### What is needed
Show every line in the entries below where the word "normal" appears.

(Source data)

============

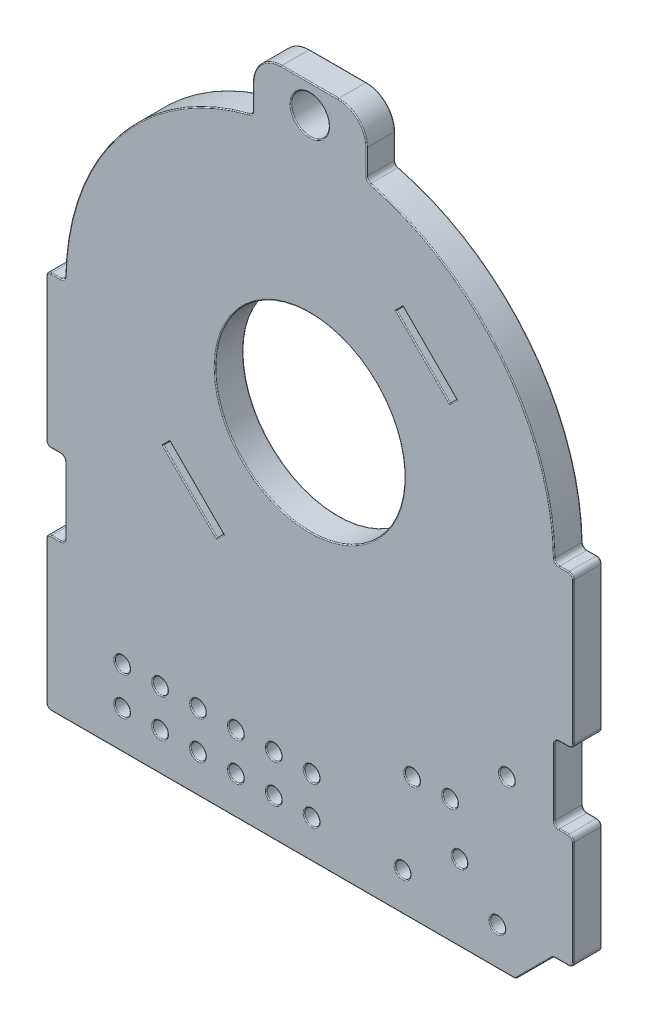
SolidWorks part; units mm, degrees
ref_plane "Ön Düzlem" through (0, 0, 0) normal (0, 0, 1) x (1, 0, 0)
ref_plane "Üst Düzlem" through (0, 0, 0) normal (0, 1, 0) x (1, 0, 0)
ref_plane "Sağ Düzlem" through (0, 0, 0) normal (1, 0, 0) x (0, 0, -1)
sketch "Sketch1" plane through (0, 0, 0) normal (0, 0, 1) x (1, 0, 0)
  line L0 (13.1476, 0) -> (13.65, 0)
  line L1 (-13.65, 0) -> (-13.1476, 0)
  line L2 (-13.9, -0.25) -> (-13.9, -7.75)
  line L3 (-13.65, -20) -> (10.7418, -20)
  line L4 (13.9, -0.25) -> (13.9, -7.75)
  line L5 (0, 15.5463) -> (0, 12.9) construction
  line L6 (-3, 12.7421) -> (-3, 14.0463)
  line L7 (0, -20) -> (0, 12.9) construction
  line L8 (12.7722, -18.0732) -> (10.9186, -19.9268)
  line L9 (13.65, -18) -> (12.949, -18)
  line L10 (13.9, -12.25) -> (13.9, -17.75)
  line L11 (13.65, -8) -> (13.15, -8)
  line L12 (-13.65, -12) -> (-13.15, -12)
  line L13 (13.65, -12) -> (13.15, -12)
  line L14 (12.9, -8.25) -> (12.9, -11.75)
  line L15 (-12.9, -8.25) -> (-12.9, -11.75)
  line L16 (-13.65, -8) -> (-13.15, -8)
  line L17 (-13.9, -12.25) -> (-13.9, -19.75)
  line L18 (-1.5, 15.5463) -> (1.5, 15.5463)
  line L19 (3, 14.0463) -> (3, 12.7421)
  line L20 (3, 14.0463) -> (-3, 14.0463) construction
  arc A0 (12.8977, 0.2452) -> (3.1882, 12.4998) centre (0, 0) ccw
  arc A1 (-12.8977, 0.2452) -> (-13.1476, 0) centre (-13.1476, 0.25) cw
  arc A2 (-13.65, 0) -> (-13.9, -0.25) centre (-13.65, -0.25) ccw
  arc A3 (12.8977, 0.2452) -> (13.1476, 0) centre (13.1476, 0.25) ccw
  arc A4 (13.65, 0) -> (13.9, -0.25) centre (13.65, -0.25) cw
  arc A5 (13.65, -18) -> (13.9, -17.75) centre (13.65, -17.75) ccw
  arc A6 (12.7722, -18.0732) -> (12.949, -18) centre (12.949, -18.25) cw
  arc A7 (10.9186, -19.9268) -> (10.7418, -20) centre (10.7418, -19.75) cw
  arc A8 (-13.65, -20) -> (-13.9, -19.75) centre (-13.65, -19.75) cw
  arc A9 (-3.1882, 12.4998) -> (-12.8977, 0.2452) centre (0, 0) ccw
  arc A10 (-3.1882, 12.4998) -> (-3, 12.7421) centre (-3.25, 12.7421) ccw
  circle A11 centre (0, 0) radius 12.9 construction
  arc A12 (-13.65, -8) -> (-13.9, -7.75) centre (-13.65, -7.75) cw
  arc A13 (-13.65, -12) -> (-13.9, -12.25) centre (-13.65, -12.25) ccw
  arc A14 (-13.15, -12) -> (-12.9, -11.75) centre (-13.15, -11.75) ccw
  arc A15 (-12.9, -8.25) -> (-13.15, -8) centre (-13.15, -8.25) ccw
  arc A16 (13.15, -8) -> (12.9, -8.25) centre (13.15, -8.25) ccw
  arc A17 (13.65, -8) -> (13.9, -7.75) centre (13.65, -7.75) ccw
  arc A18 (13.15, -12) -> (12.9, -11.75) centre (13.15, -11.75) cw
  arc A19 (13.9, -12.25) -> (13.65, -12) centre (13.65, -12.25) ccw
  circle A20 centre (10.4, -11) radius 0.4
  circle A21 centre (7.9, -16) radius 0.4
  circle A22 centre (9.9, -18) radius 0.4
  circle A23 centre (4.9, -18) radius 0.4
  circle A24 centre (7.4, -13.5) radius 0.4
  circle A25 centre (5.4, -13.5) radius 0.4
  arc A26 (3.1882, 12.4998) -> (3, 12.7421) centre (3.25, 12.7421) cw
  arc A27 (-3, 14.0463) -> (-1.5, 15.5463) centre (-1.5, 14.0463) cw
  arc A28 (1.5, 15.5463) -> (3, 14.0463) centre (1.5, 14.0463) cw
  circle A29 centre (0, 14.0463) radius 1
  circle A30 centre (0.1, -18) radius 0.4
  circle A31 centre (-1.9, -18) radius 0.4
  circle A32 centre (-3.9, -18) radius 0.4
  circle A33 centre (-5.9, -18) radius 0.4
  circle A34 centre (-7.9, -18) radius 0.4
  circle A35 centre (-9.9, -18) radius 0.4
  circle A36 centre (-1.9, -16) radius 0.4
  circle A37 centre (-3.9, -16) radius 0.4
  circle A38 centre (-5.9, -16) radius 0.4
  circle A39 centre (-7.9, -16) radius 0.4
  circle A40 centre (-9.9, -16) radius 0.4
  circle A41 centre (0.1, -16) radius 0.4
  point P18 (-13.9, 0)
  point P21 (12.9, 0)
  point P26 (13.9, -18)
  point P29 (12.8454, -18)
  point P32 (10.8454, -20)
  point P39 (-3, 12.5463)
  point P53 (-13.9, -8)
  point P56 (-13.9, -12)
  point P59 (-12.9, -12)
  point P62 (-12.9, -8)
  point P65 (12.9, -8)
  point P68 (13.9, -8)
  point P71 (12.9, -12)
  point P74 (13.9, -12)
  point P87 (3, 12.5463)
  point P92 (3, 15.5463)
  dimension "D1" = 25.8
  dimension "D4" = 0.25
  dimension "D11" = 0.25
  dimension "D12" = 0.8
  dimension "D13" = 2.5
  dimension "D14" = 9
  dimension "D15" = 0.8
  dimension "D16" = 0.8
  dimension "D17" = 0.8
  dimension "D18" = 2
  dimension "D19" = 2
  dimension "D20" = 5
  dimension "D21" = 4
  dimension "D22" = 4
  dimension "D23" = 2
  dimension "D24" = 0.8
  dimension "D25" = 0.8
  dimension "D26" = 2
  dimension "D27" = 6.5
  dimension "D28" = 0
  dimension "D5" = 0.25
  dimension "D29" = 0.25
  dimension "D30" = 1.5
  dimension "D32" = 2
  dimension "D33" = 0.8
  dimension "D36" = 2
  dimension "D37" = 4
  dimension "D38" = 6.5
  dimension "D2" = 13.9
  dimension "D3" = 13.9
  dimension "D6" = 3
  dimension "D7" = 3
  dimension "D8" = 8
  dimension "D9" = 4
  dimension "D10" = 1
  dimension "D31" = 1.5
  dimension "D35" = 6
  dimension "D34" = 2
extrude "Boss-Extrude1" add sketch "Sketch1" along normal blind 1.5
sketch "Sketch2" plane through (0, 0, 1.5) normal (0, 0, 1) x (1, 0, 0)
  line L0 (-12.9, 0) -> (12.9, 0) construction
  line L2 (4.5608, 7.3893) -> (4.9144, 7.7428)
  line L3 (7.3893, 4.5608) -> (4.5608, 7.3893)
  line L4 (7.7428, 4.9144) -> (7.3893, 4.5608)
  line L5 (-9.1217, -9.1217) -> (9.0267, 9.0267) construction
  line L6 (4.9144, 7.7428) -> (7.7428, 4.9144)
  line L10 (-7.7428, -4.9144) -> (-4.9144, -7.7428)
  line L11 (-4.9144, -7.7428) -> (-4.5608, -7.3893)
  line L12 (-4.5608, -7.3893) -> (-7.3893, -4.5608)
  line L13 (-7.3893, -4.5608) -> (-7.7428, -4.9144)
  circle A0 centre (0, 0) radius 5
  circle A1 centre (0, 0) radius 12.9 construction
  dimension "D1" = 10
  dimension "D2" = 16.9
  dimension "D3" = 8.45
  dimension "D6" = 4
  dimension "D7" = 0.5
  dimension "D8" = 2
  dimension "D10" = 45
  dimension "D11" = 0
extrude "Cut-Extrude1" cut sketch "Sketch2" against normal through all
fillet "Fillet1" radius 0.05 54 edges at (10.111, 8.0111, 1.5) (6.3286, 6.3286, 1.5) (4.7376, 7.566, 1.5) (-6.3286, -6.3286, 1.5) (-4.7376, -7.566, 1.5) (-5.9751, -5.9751, 1.5) (-7.566, -4.7376, 1.5) (13.3988, 0, 0) (13.9, -4, 1.5) (-1.4541, -20, 1.5) (-13.9, -4, 1.5) (13.2995, -18, 0) (13.2995, -18, 1.5) (-13.8268, -0.0732, 0) (10.8375, -19.981, 0) (12.8533, -18.019, 0) (13.8268, -17.9268, 0) (13.8268, -0.0732, 0) (12.9725, 0.0716, 1.5) (12.8533, -18.019, 1.5) (-13.4, -8, 0) (-12.9, -10, 0) (-13.4, -12, 0) (-13.9, -16, 0) (13.4, -12, 0) (12.9, -10, 0) (13.4, -8, 0) (12.9, -10, 1.5) (-13.9, -16, 1.5) (-13.8268, -7.9268, 0) (-12.9732, -8.0732, 0) (-13.8268, -12.0732, 0) (13.8268, -7.9268, 0) (13.8268, -7.9268, 1.5) (12.9732, -8.0732, 1.5) (-12.9732, -11.9268, 1.5) (-13.8268, -7.9268, 1.5) (8.3, -16, 1.5) (10.3, -18, 1.5) (5.8, -13.5, 1.5) (-13.8268, -19.9268, 0) (0, 15.5463, 0) (-3, 13.3942, 0) (-10.111, 8.0111, 1.5) (-3.0526, 12.5887, 1.5) (3, 13.3942, 1.5) (3.0526, 12.5887, 1.5) (-3.5, -16, 1.5) (-9.5, -18, 1.5) (-5.5, -18, 1.5) (-1.5, -18, 1.5) (-3.5, -18, 1.5) (-7.5, -18, 1.5) (-5.5, -16, 1.5)

============

### Exercise output
ref_plane "Ön Düzlem" through (0, 0, 0) normal (0, 0, 1) x (1, 0, 0)
ref_plane "Üst Düzlem" through (0, 0, 0) normal (0, 1, 0) x (1, 0, 0)
ref_plane "Sağ Düzlem" through (0, 0, 0) normal (1, 0, 0) x (0, 0, -1)
sketch "Sketch1" plane through (0, 0, 0) normal (0, 0, 1) x (1, 0, 0)
extrude "Boss-Extrude1" add sketch "Sketch1" along normal blind 1.5
sketch "Sketch2" plane through (0, 0, 1.5) normal (0, 0, 1) x (1, 0, 0)
extrude "Cut-Extrude1" cut sketch "Sketch2" against normal through all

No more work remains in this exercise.